Segment Start: Entries supplied

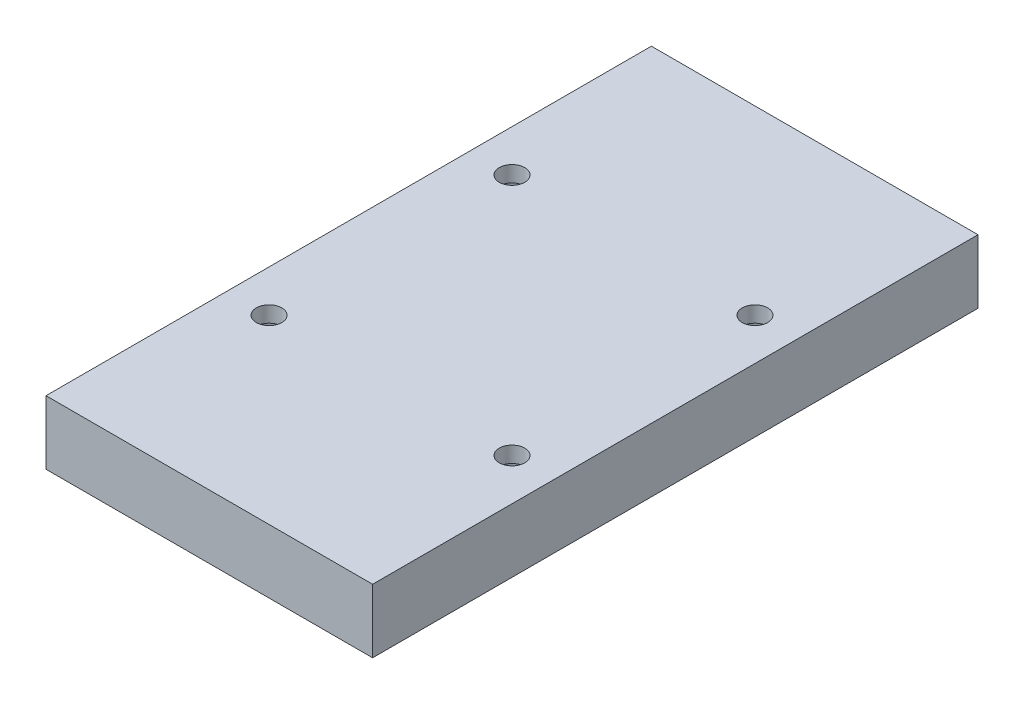
ISO-10303-21;
HEADER;
FILE_DESCRIPTION(('STEP AP214'),'2;1');
FILE_NAME('part.step','',(''),(''),'','','');
FILE_SCHEMA(('AUTOMOTIVE_DESIGN { 1 0 10303 214 1 1 1 1 }'));
ENDSEC;
DATA;
#1=APPLICATION_CONTEXT('core data for automotive mechanical design processes');
#2=APPLICATION_PROTOCOL_DEFINITION('international standard','automotive_design',2000,#1);
#3=PRODUCT_CONTEXT('',#1,'mechanical');
#4=PRODUCT('Part','Part','',(#3));
#5=PRODUCT_RELATED_PRODUCT_CATEGORY('part','',(#4));
#6=PRODUCT_DEFINITION_FORMATION('','',#4);
#7=PRODUCT_DEFINITION_CONTEXT('part definition',#1,'design');
#8=PRODUCT_DEFINITION('design','',#6,#7);
#9=PRODUCT_DEFINITION_SHAPE('','',#8);
#10=(LENGTH_UNIT() NAMED_UNIT(*) SI_UNIT(.MILLI.,.METRE.));
#11=(NAMED_UNIT(*) PLANE_ANGLE_UNIT() SI_UNIT($,.RADIAN.));
#12=(NAMED_UNIT(*) SI_UNIT($,.STERADIAN.) SOLID_ANGLE_UNIT());
#13=UNCERTAINTY_MEASURE_WITH_UNIT(LENGTH_MEASURE(1.E-05),#10,'distance_accuracy_value','');
#14=(GEOMETRIC_REPRESENTATION_CONTEXT(3) GLOBAL_UNCERTAINTY_ASSIGNED_CONTEXT((#13)) GLOBAL_UNIT_ASSIGNED_CONTEXT((#10,
#11,#12)) REPRESENTATION_CONTEXT('',''));
#15=CARTESIAN_POINT('',(0.,0.,0.));
#16=DIRECTION('',(0.,0.,1.));
#17=DIRECTION('',(1.,0.,0.));
#18=AXIS2_PLACEMENT_3D('',#15,#16,#17);
#19=CARTESIAN_POINT('',(17.5,0.,35.));
#20=DIRECTION('',(-1.,0.,0.));
#21=DIRECTION('',(0.,0.,1.));
#22=AXIS2_PLACEMENT_3D('',#19,#20,#21);
#23=PLANE('',#22);
#24=DIRECTION('',(0.,0.,-1.));
#25=VECTOR('',#24,1.);
#26=CARTESIAN_POINT('',(17.5,-5.,-35.));
#27=LINE('',#26,#25);
#28=CARTESIAN_POINT('',(17.5,-5.,13.2656865167016));
#29=VERTEX_POINT('',#28);
#30=CARTESIAN_POINT('',(17.5,-5.,-13.2656865167016));
#31=VERTEX_POINT('',#30);
#32=EDGE_CURVE('E276',#29,#31,#27,.T.);
#33=ORIENTED_EDGE('',*,*,#32,.T.);
#34=DIRECTION('',(0.,1.,0.));
#35=VECTOR('',#34,1.);
#36=CARTESIAN_POINT('',(17.5,-8.,-13.2656865167016));
#37=LINE('',#36,#35);
#38=CARTESIAN_POINT('',(17.5,-8.,-13.2656865167016));
#39=VERTEX_POINT('',#38);
#40=EDGE_CURVE('E309',#31,#39,#37,.F.);
#41=ORIENTED_EDGE('',*,*,#40,.T.);
#42=DIRECTION('',(0.,0.,-1.));
#43=VECTOR('',#42,1.);
#44=CARTESIAN_POINT('',(17.5,-8.,35.));
#45=LINE('',#44,#43);
#46=CARTESIAN_POINT('',(17.5,-8.,13.2656865167016));
#47=VERTEX_POINT('',#46);
#48=EDGE_CURVE('E333',#47,#39,#45,.T.);
#49=ORIENTED_EDGE('',*,*,#48,.F.);
#50=DIRECTION('',(0.,1.,0.));
#51=VECTOR('',#50,1.);
#52=CARTESIAN_POINT('',(17.5,-8.,13.2656865167016));
#53=LINE('',#52,#51);
#54=EDGE_CURVE('E211',#47,#29,#53,.T.);
#55=ORIENTED_EDGE('',*,*,#54,.T.);
#56=EDGE_LOOP('',(#33,#41,#49,#55));
#57=FACE_BOUND('',#56,.T.);
#58=ADVANCED_FACE('F80',(#57),#23,.T.);
#59=CARTESIAN_POINT('',(17.5,-8.,-17.2343134832984));
#60=VERTEX_POINT('',#59);
#61=CARTESIAN_POINT('',(17.5,-8.,-35.));
#62=VERTEX_POINT('',#61);
#63=EDGE_CURVE('E330',#60,#62,#45,.T.);
#64=ORIENTED_EDGE('',*,*,#63,.F.);
#65=DIRECTION('',(0.,1.,0.));
#66=VECTOR('',#65,1.);
#67=CARTESIAN_POINT('',(17.5,-8.,-17.2343134832984));
#68=LINE('',#67,#66);
#69=CARTESIAN_POINT('',(17.5,-5.,-17.2343134832984));
#70=VERTEX_POINT('',#69);
#71=EDGE_CURVE('E303',#60,#70,#68,.T.);
#72=ORIENTED_EDGE('',*,*,#71,.T.);
#73=CARTESIAN_POINT('',(17.5,-5.,-35.));
#74=VERTEX_POINT('',#73);
#75=EDGE_CURVE('E274',#70,#74,#27,.T.);
#76=ORIENTED_EDGE('',*,*,#75,.T.);
#77=DIRECTION('',(0.,-1.,0.));
#78=VECTOR('',#77,1.);
#79=CARTESIAN_POINT('',(17.5,0.,-35.));
#80=LINE('',#79,#78);
#81=EDGE_CURVE('E247',#74,#62,#80,.T.);
#82=ORIENTED_EDGE('',*,*,#81,.T.);
#83=EDGE_LOOP('',(#64,#72,#76,#82));
#84=FACE_BOUND('',#83,.T.);
#85=ADVANCED_FACE('F344',(#84),#23,.T.);
#86=CARTESIAN_POINT('',(17.5,-5.,35.));
#87=VERTEX_POINT('',#86);
#88=CARTESIAN_POINT('',(17.5,-5.,17.2343134832984));
#89=VERTEX_POINT('',#88);
#90=EDGE_CURVE('E89',#87,#89,#27,.T.);
#91=ORIENTED_EDGE('',*,*,#90,.T.);
#92=DIRECTION('',(0.,1.,0.));
#93=VECTOR('',#92,1.);
#94=CARTESIAN_POINT('',(17.5,-8.,17.2343134832984));
#95=LINE('',#94,#93);
#96=CARTESIAN_POINT('',(17.5,-8.,17.2343134832984));
#97=VERTEX_POINT('',#96);
#98=EDGE_CURVE('E300',#89,#97,#95,.F.);
#99=ORIENTED_EDGE('',*,*,#98,.T.);
#100=CARTESIAN_POINT('',(17.5,-8.,35.));
#101=VERTEX_POINT('',#100);
#102=EDGE_CURVE('E331',#101,#97,#45,.T.);
#103=ORIENTED_EDGE('',*,*,#102,.F.);
#104=DIRECTION('',(0.,-1.,0.));
#105=VECTOR('',#104,1.);
#106=CARTESIAN_POINT('',(17.5,0.,35.));
#107=LINE('',#106,#105);
#108=EDGE_CURVE('E240',#87,#101,#107,.T.);
#109=ORIENTED_EDGE('',*,*,#108,.F.);
#110=EDGE_LOOP('',(#91,#99,#103,#109));
#111=FACE_BOUND('',#110,.T.);
#112=ADVANCED_FACE('F365',(#111),#23,.T.);
#113=CARTESIAN_POINT('',(-17.5,0.,-35.));
#114=DIRECTION('',(1.,0.,0.));
#115=DIRECTION('',(0.,0.,-1.));
#116=AXIS2_PLACEMENT_3D('',#113,#114,#115);
#117=PLANE('',#116);
#118=DIRECTION('',(0.,0.,1.));
#119=VECTOR('',#118,1.);
#120=CARTESIAN_POINT('',(-17.5,-5.,-35.));
#121=LINE('',#120,#119);
#122=CARTESIAN_POINT('',(-17.5,-5.,-35.));
#123=VERTEX_POINT('',#122);
#124=CARTESIAN_POINT('',(-17.5,-5.,-17.2343134832984));
#125=VERTEX_POINT('',#124);
#126=EDGE_CURVE('E268',#123,#125,#121,.T.);
#127=ORIENTED_EDGE('',*,*,#126,.T.);
#128=DIRECTION('',(0.,1.,0.));
#129=VECTOR('',#128,1.);
#130=CARTESIAN_POINT('',(-17.5,-8.,-17.2343134832984));
#131=LINE('',#130,#129);
#132=CARTESIAN_POINT('',(-17.5,-8.,-17.2343134832984));
#133=VERTEX_POINT('',#132);
#134=EDGE_CURVE('E316',#125,#133,#131,.F.);
#135=ORIENTED_EDGE('',*,*,#134,.T.);
#136=DIRECTION('',(0.,0.,1.));
#137=VECTOR('',#136,1.);
#138=CARTESIAN_POINT('',(-17.5,-8.,-35.));
#139=LINE('',#138,#137);
#140=CARTESIAN_POINT('',(-17.5,-8.,-35.));
#141=VERTEX_POINT('',#140);
#142=EDGE_CURVE('E218',#141,#133,#139,.T.);
#143=ORIENTED_EDGE('',*,*,#142,.F.);
#144=DIRECTION('',(0.,-1.,0.));
#145=VECTOR('',#144,1.);
#146=CARTESIAN_POINT('',(-17.5,0.,-35.));
#147=LINE('',#146,#145);
#148=EDGE_CURVE('E245',#123,#141,#147,.T.);
#149=ORIENTED_EDGE('',*,*,#148,.F.);
#150=EDGE_LOOP('',(#127,#135,#143,#149));
#151=FACE_BOUND('',#150,.T.);
#152=ADVANCED_FACE('F352',(#151),#117,.T.);
#153=CARTESIAN_POINT('',(-17.5,-8.,-13.2656865167016));
#154=VERTEX_POINT('',#153);
#155=CARTESIAN_POINT('',(-17.5,-8.,13.2656865167016));
#156=VERTEX_POINT('',#155);
#157=EDGE_CURVE('E208',#154,#156,#139,.T.);
#158=ORIENTED_EDGE('',*,*,#157,.F.);
#159=DIRECTION('',(0.,1.,0.));
#160=VECTOR('',#159,1.);
#161=CARTESIAN_POINT('',(-17.5,-8.,-13.2656865167015));
#162=LINE('',#161,#160);
#163=CARTESIAN_POINT('',(-17.5,-5.,-13.2656865167015));
#164=VERTEX_POINT('',#163);
#165=EDGE_CURVE('E105',#154,#164,#162,.T.);
#166=ORIENTED_EDGE('',*,*,#165,.T.);
#167=CARTESIAN_POINT('',(-17.5,-5.,13.2656865167016));
#168=VERTEX_POINT('',#167);
#169=EDGE_CURVE('E210',#164,#168,#121,.T.);
#170=ORIENTED_EDGE('',*,*,#169,.T.);
#171=DIRECTION('',(0.,1.,0.));
#172=VECTOR('',#171,1.);
#173=CARTESIAN_POINT('',(-17.5,-8.,13.2656865167016));
#174=LINE('',#173,#172);
#175=EDGE_CURVE('E196',#168,#156,#174,.F.);
#176=ORIENTED_EDGE('',*,*,#175,.T.);
#177=EDGE_LOOP('',(#158,#166,#170,#176));
#178=FACE_BOUND('',#177,.T.);
#179=ADVANCED_FACE('F207',(#178),#117,.T.);
#180=CARTESIAN_POINT('',(-17.5,-8.,17.2343134832985));
#181=VERTEX_POINT('',#180);
#182=CARTESIAN_POINT('',(-17.5,-8.,35.));
#183=VERTEX_POINT('',#182);
#184=EDGE_CURVE('E219',#181,#183,#139,.T.);
#185=ORIENTED_EDGE('',*,*,#184,.F.);
#186=DIRECTION('',(0.,1.,0.));
#187=VECTOR('',#186,1.);
#188=CARTESIAN_POINT('',(-17.5,-8.,17.2343134832985));
#189=LINE('',#188,#187);
#190=CARTESIAN_POINT('',(-17.5,-5.,17.2343134832985));
#191=VERTEX_POINT('',#190);
#192=EDGE_CURVE('E97',#181,#191,#189,.T.);
#193=ORIENTED_EDGE('',*,*,#192,.T.);
#194=CARTESIAN_POINT('',(-17.5,-5.,35.));
#195=VERTEX_POINT('',#194);
#196=EDGE_CURVE('E267',#191,#195,#121,.T.);
#197=ORIENTED_EDGE('',*,*,#196,.T.);
#198=DIRECTION('',(0.,-1.,0.));
#199=VECTOR('',#198,1.);
#200=CARTESIAN_POINT('',(-17.5,0.,35.));
#201=LINE('',#200,#199);
#202=EDGE_CURVE('E242',#195,#183,#201,.T.);
#203=ORIENTED_EDGE('',*,*,#202,.T.);
#204=EDGE_LOOP('',(#185,#193,#197,#203));
#205=FACE_BOUND('',#204,.T.);
#206=ADVANCED_FACE('F358',(#205),#117,.T.);
#207=CARTESIAN_POINT('',(15.25,-5.,-15.25));
#208=DIRECTION('',(0.,-1.,0.));
#209=DIRECTION('',(0.,0.,-1.));
#210=AXIS2_PLACEMENT_3D('',#207,#208,#209);
#211=CYLINDRICAL_SURFACE('',#210,1.59999999999999);
#212=CARTESIAN_POINT('',(15.25,0.,-15.25));
#213=DIRECTION('',(0.,-1.,0.));
#214=DIRECTION('',(0.,0.,-1.));
#215=AXIS2_PLACEMENT_3D('',#212,#213,#214);
#216=CIRCLE('',#215,1.6);
#217=CARTESIAN_POINT('',(15.25,0.,-16.85));
#218=VERTEX_POINT('',#217);
#219=EDGE_CURVE('E328',#218,#218,#216,.T.);
#220=ORIENTED_EDGE('',*,*,#219,.F.);
#221=EDGE_LOOP('',(#220));
#222=FACE_BOUND('',#221,.T.);
#223=CARTESIAN_POINT('',(15.25,-2.,-15.25));
#224=DIRECTION('',(0.,-1.,0.));
#225=DIRECTION('',(0.,0.,-1.));
#226=AXIS2_PLACEMENT_3D('',#223,#224,#225);
#227=CIRCLE('',#226,1.59999999999999);
#228=CARTESIAN_POINT('',(15.25,-2.,-16.85));
#229=VERTEX_POINT('',#228);
#230=EDGE_CURVE('E84',#229,#229,#227,.F.);
#231=ORIENTED_EDGE('',*,*,#230,.F.);
#232=EDGE_LOOP('',(#231));
#233=FACE_BOUND('',#232,.T.);
#234=ADVANCED_FACE('F418',(#222,#233),#211,.F.);
#235=CARTESIAN_POINT('',(15.25,-5.,15.25));
#236=DIRECTION('',(0.,-1.,0.));
#237=DIRECTION('',(0.,0.,-1.));
#238=AXIS2_PLACEMENT_3D('',#235,#236,#237);
#239=CYLINDRICAL_SURFACE('',#238,1.59999999999999);
#240=CARTESIAN_POINT('',(15.25,0.,15.25));
#241=DIRECTION('',(0.,-1.,0.));
#242=DIRECTION('',(0.,0.,-1.));
#243=AXIS2_PLACEMENT_3D('',#240,#241,#242);
#244=CIRCLE('',#243,1.6);
#245=CARTESIAN_POINT('',(15.25,0.,13.65));
#246=VERTEX_POINT('',#245);
#247=EDGE_CURVE('E325',#246,#246,#244,.T.);
#248=ORIENTED_EDGE('',*,*,#247,.F.);
#249=EDGE_LOOP('',(#248));
#250=FACE_BOUND('',#249,.T.);
#251=CARTESIAN_POINT('',(15.25,-2.,15.25));
#252=DIRECTION('',(0.,-1.,0.));
#253=DIRECTION('',(0.,0.,-1.));
#254=AXIS2_PLACEMENT_3D('',#251,#252,#253);
#255=CIRCLE('',#254,1.59999999999999);
#256=CARTESIAN_POINT('',(15.25,-2.,13.65));
#257=VERTEX_POINT('',#256);
#258=EDGE_CURVE('E282',#257,#257,#255,.F.);
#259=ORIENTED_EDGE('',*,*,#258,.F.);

Segment End: Entries supplied

What needs to be done
Please transcribe exactly the lines above from the line that has "#81=EDGE_CURVE('E247',#74,#62,#80,.T.);" up to and including the line that has "#91=ORIENTED_EDGE('',*,*,#90,.T.);"; no other line belongs in the answer.

Result below
#81=EDGE_CURVE('E247',#74,#62,#80,.T.);
#82=ORIENTED_EDGE('',*,*,#81,.T.);
#83=EDGE_LOOP('',(#64,#72,#76,#82));
#84=FACE_BOUND('',#83,.T.);
#85=ADVANCED_FACE('F344',(#84),#23,.T.);
#86=CARTESIAN_POINT('',(17.5,-5.,35.));
#87=VERTEX_POINT('',#86);
#88=CARTESIAN_POINT('',(17.5,-5.,17.2343134832984));
#89=VERTEX_POINT('',#88);
#90=EDGE_CURVE('E89',#87,#89,#27,.T.);
#91=ORIENTED_EDGE('',*,*,#90,.T.);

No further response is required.